ちょっと分かりづらいが右上の壁にかかっているのが電話

 結局次の日の映画反省会はお流れとなってしまった。みんなテンションダダ下がりだったのだ。
 私は心の中で、「自分は黒人差別をしている」と感じて嫌な自分を見た気がした。

2. ナイアガラで聞いた教え子の述懐

 1980年代後半にアメリカに行った時、同僚を案内した。
 そのことをCleveland(エリー湖の少し南)だったと思うが、ご主人が研究のために留学していた卒業生に手紙で伝えた。会いたいということで、ナイアガラで合流することになった。彼らは車でやってくるというのだ。そして「海外体験 期待と不安と喜びと」シリーズのどれかで書いた回転レストランで食事をしたのだ。
 食事をしながら、見学するためのデッキで滝を見ながら、歩きながら、彼女が私に話してくれたことが耳に残っている。その時に「やはりミシガン大学から」に書いた内容を話した覚えがある。

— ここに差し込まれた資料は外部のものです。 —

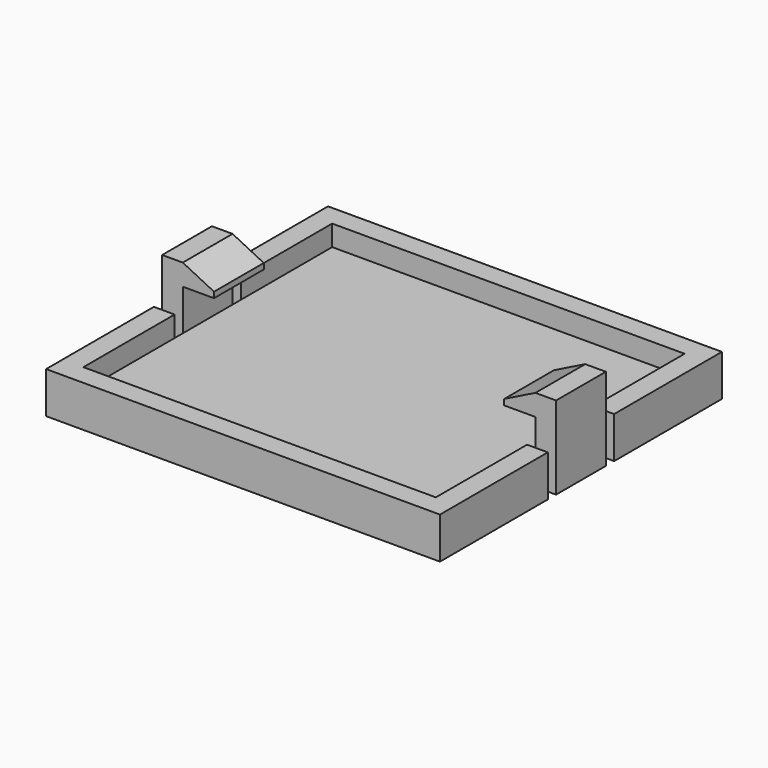
from build123d import *

# Parameters (mm, degrees)
F1_DEPTH  = 1
F2_DEPTH  = 2
F0_W      = 1
F0_H      = 3
F3_DEPTH  = 4
F4_W      = 3
F4_H      = 1.0236278605
F5_DEPTH  = 1.5
F7_DEPTH  = 3
F9_DEPTH  = 2
F10_W     = 8.5
F10_H     = 15
F11_DEPTH = 2


# Not quite as in the source:
# - a feature names something its author has since deleted; it is built from what else it names


with BuildPart() as f1:
    # F0 (on Top) → F1 (new body)
    with BuildSketch(Plane.XY):
        Polygon((-8.5, 7.5), (-8.5, 2), (-8.5, 1.5), (-8.5, -1.5), (-8.5, -2), (-8.5, -7.5), (8.5, -7.5), (8.5, 7.5), align=None)
    extrude(amount=F1_DEPTH)

    # F0 (on Top) → F2 (join)
    with BuildSketch(Plane.XY):
        Polygon((9.5, 8.5), (-9.5, 8.5), (-9.5, 2), (-8.5, 2), (-8.5, 7.5), (8.5, 7.5), (8.5, -7.5), (-8.5, -7.5), (-8.5, -2), (-9.5, -2), (-9.5, -8.5), (9.5, -8.5), align=None)
    extrude(amount=F2_DEPTH)

    # F0 (on Top) → F3 (join)
    with BuildSketch(Plane.XY):
        with Locations((-9, 0)):
            Rectangle(F0_W, F0_H)
    extrude(amount=F3_DEPTH)

    # F4 (on face) → F5 (join)
    with BuildSketch(Plane.YZ.offset(-8.5)):
        with Locations((0, 3.4881860698)):
            Rectangle(F4_W, F4_H)
    extrude(amount=F5_DEPTH)

    # F6 (on face) → F7 (cut)
    with BuildSketch(Plane.XZ.offset(1.5)):
        Polygon((-8.5056265816, 4), (-7, 3.2529253513), (-7, 4), align=None)
    extrude(amount=-F7_DEPTH, mode=Mode.SUBTRACT)

    # F8 (on face) → F9 (cut)
    with BuildSketch(Plane.XY.offset(2)):
        Polygon((9.5, 8.5), (0, 8.5), (0, 7.5), (8.5, 7.5), (8.5, -7.5), (0, -7.5), (0, -8.5), (9.5, -8.5), align=None)
    extrude(amount=-F9_DEPTH, mode=Mode.SUBTRACT)

    # F10 (on face) → F11 (cut)
    with BuildSketch(Plane.XY.offset(1)):
        with Locations((4.25, 0)):
            Rectangle(F10_W, F10_H)
    extrude(amount=-F11_DEPTH, mode=Mode.SUBTRACT)

    # F12: F1 across plane


with BuildPart() as f1_1:
    add(f1.part)
    add(f1.part.mirror(Plane.YZ))


solid = f1_1.part
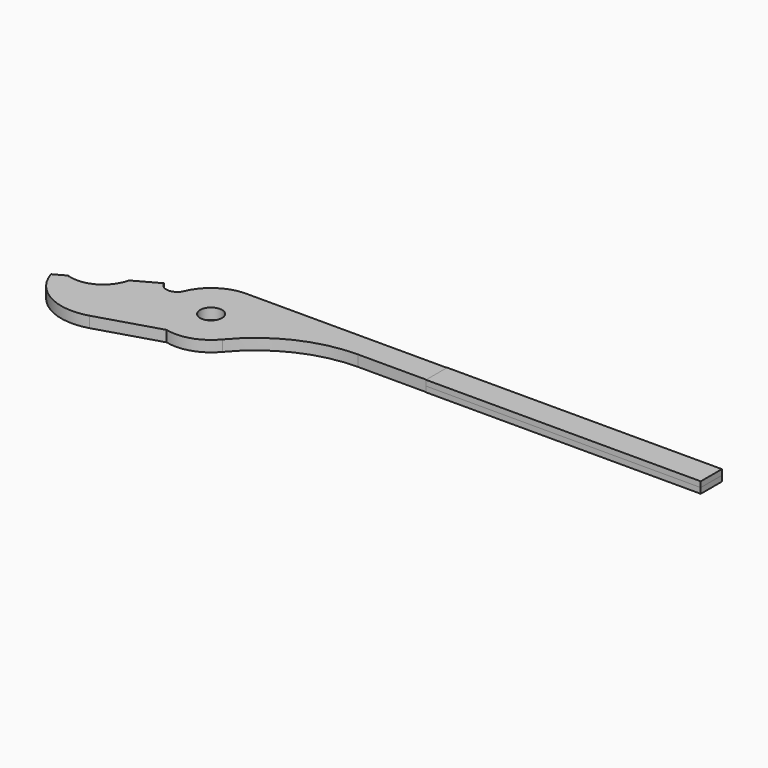
from build123d import *

# Parameters (mm, degrees)
F1_R     = 3.1736948077
F2_DEPTH = 1.5875
F3_DEPTH = 1.5875
F4_DEPTH = 1.5875
F6_DEPTH = 25.4


with BuildPart() as f2:
    # F1 (on face) → F2 (new body)
    with BuildSketch(Plane.XY):
        with BuildLine():
            ThreePointArc((-40.3451274018, -7.3844323762), (-32.7517807814, -16.6165715435), (-20.8546804416, -17.7785999452))
            Line((-20.8546804416, -17.7785999452), (-2.9840807938, -12.3444425478))
            ThreePointArc((-2.9840807938, -12.3444425478), (3.9996215585, -12.0537557379), (9.771792507, -8.1118475823))
            ThreePointArc((9.771792507, -8.1118475823), (22.5181286005, 1.749315086), (38.2470712066, 5.2581578403))
            Line((38.2470712066, 5.2581578403), (57.9611142654, 5.2581578403))
            Line((57.9611142654, 5.2581578403), (57.9611142654, 12.7))
            Line((57.9611142654, 12.7), (0, 12.7))
            ThreePointArc((0, 12.7), (-7.0383356023, 10.5712739038), (-11.7171926739, 4.8987136927))
            ThreePointArc((-11.7171926739, 4.8987136927), (-14.7583668014, 2.950363788), (-17.6547681255, 5.1080632099))
            Line((-17.6547681255, 5.1080632099), (-24.7176810189, 1.2194774422))
            ThreePointArc((-24.7176810189, 1.2194774422), (-29.3095141905, -4.8881094223), (-36.925990654, -5.5019786781))
            Line((-36.925990654, -5.5019786781), (-40.3451274018, -7.3844323762))
        make_face()
        Circle(F1_R, mode=Mode.SUBTRACT)
    extrude(amount=F2_DEPTH)

    # F3 (add): a face of the model
    f3_faces = [f2.faces().sort_by_distance(p)[0] for p in [
        (-6.4668185994, 9.7128802267, 1.5875),
    ]]
    extrude(f3_faces, amount=F3_DEPTH)

    # F5 (on face) → F6 (cut)
    with BuildSketch(Plane.XY.offset(3.175)):
        with BuildLine():
            ThreePointArc((-36.2762714732, -5.7071182517), (-36.4439228923, -5.6591640871), (-36.6106467962, -5.6080784715))
            Line((-36.6106467962, -5.6080784715), (-36.6106467962, -5.954187482))
            Line((-36.6106467962, -5.954187482), (-36.2762714732, -5.7071182517))
        make_face()
    extrude(amount=-F6_DEPTH, mode=Mode.SUBTRACT)


with BuildPart() as f2b:
    # F0 (on Top) → F2, piece 2 (new body)
    with BuildSketch(Plane.XY):
        Polygon((57.9611142654, 12.7), (57.9611142654, 5.2581578403), (57.9611142654, 5.1571133081), (137.3361142654, 5.1571133081), (137.3361142654, 12.8025133081), (57.9611142654, 12.8025133081), align=None)
    extrude(amount=F2_DEPTH)


with BuildPart() as f4:
    # F4 (new): a face of the model
    f4_faces = [f2b.part.faces().sort_by_distance(p)[0] for p in [
        (97.6486142654, 8.9798133081, 1.5875),
    ]]
    extrude(f4_faces, amount=F4_DEPTH)


solid = Compound([f2.part, f2b.part, f4.part])

 彼女はとにかく優しい人柄で、思いもよらないことを話したりする。彼女は大学を卒業してから、同僚として私が教えていた学校で教師としてやってきた。教科も同じ英語だ。
 彼女がまだ結婚する前の話がある。
 職員室の隣に仕事をしたりお茶をしたりするスペースがあった。そこで数人がコーヒータイムをおしゃべりで埋め尽くしていた時のことだ。その一人が紙のコーヒーフィルターでドリップコーヒーを作っているとき、真面目な顔をしてこう言ったのだ。
 「へぇ~、ドリップするのに紙もあるんですね。私、初めて見ました。うちのは布でドリップコーヒーを作っていまっす」
 「それって、自慢?」
 「いえいえ、紙だったからびっくりしただけですよ」
 彼女は実はお嬢様なのだ。
 「私もたまには布フィルターを使うけど、あとで洗わないといけないのが面倒だから、紙を使うことが多いよ」(これは私の発言)
 「えっ! 布だと洗わないといけないんですか? 洗ってから捨てるんですか?」 
 「あんた、布フィルターを一度使っただけで捨ててるの?」
 それまで別の話に花を咲かせていた周りの教員が参戦してきた。
 「え? 洗ってまた使うんですか?」
 この続きは書くのが面倒だ。ただ、そこにいた全員が大笑いだ。
 「私、知りませんでした。明日からは洗って使います。」
 その時の彼女の驚いた顔と笑顔が今でも思い出される。
 またもやわき道を歩いてしまった。話の脱線は私の常とう手段だ。
 
 彼女は夫の留学についていったのだが、買い物に一人で出かけたのだそうだ。ダウンタウンのスーパーで、黒人客がたくさんいて、怖かったと話していた。詳しいことは忘れてしまったのだが、彼女はとても落ち込んだそうだ。
 それというのが、自分が黒人というだけでその男性を差別の目で見てしまったというのだ。日本にいるときはほとんどそんな場面に出くわさない。彼女は人を差別するような人ではないことは、私自身が証明してもいいほどだ。
 その後そういう生活にも慣れたのだと思うが、私もデトロイトの町で同じような緊張を感じたことがあったから、人のことはとやかく言えない。
 
 最初、この記事はこれだけにするつもりだったが、最初に書いたように「Fortnum &Mason」でのことだけは最低でも書かなければならないので「その2」として独立させるために、この記事を「その1」としたのだ。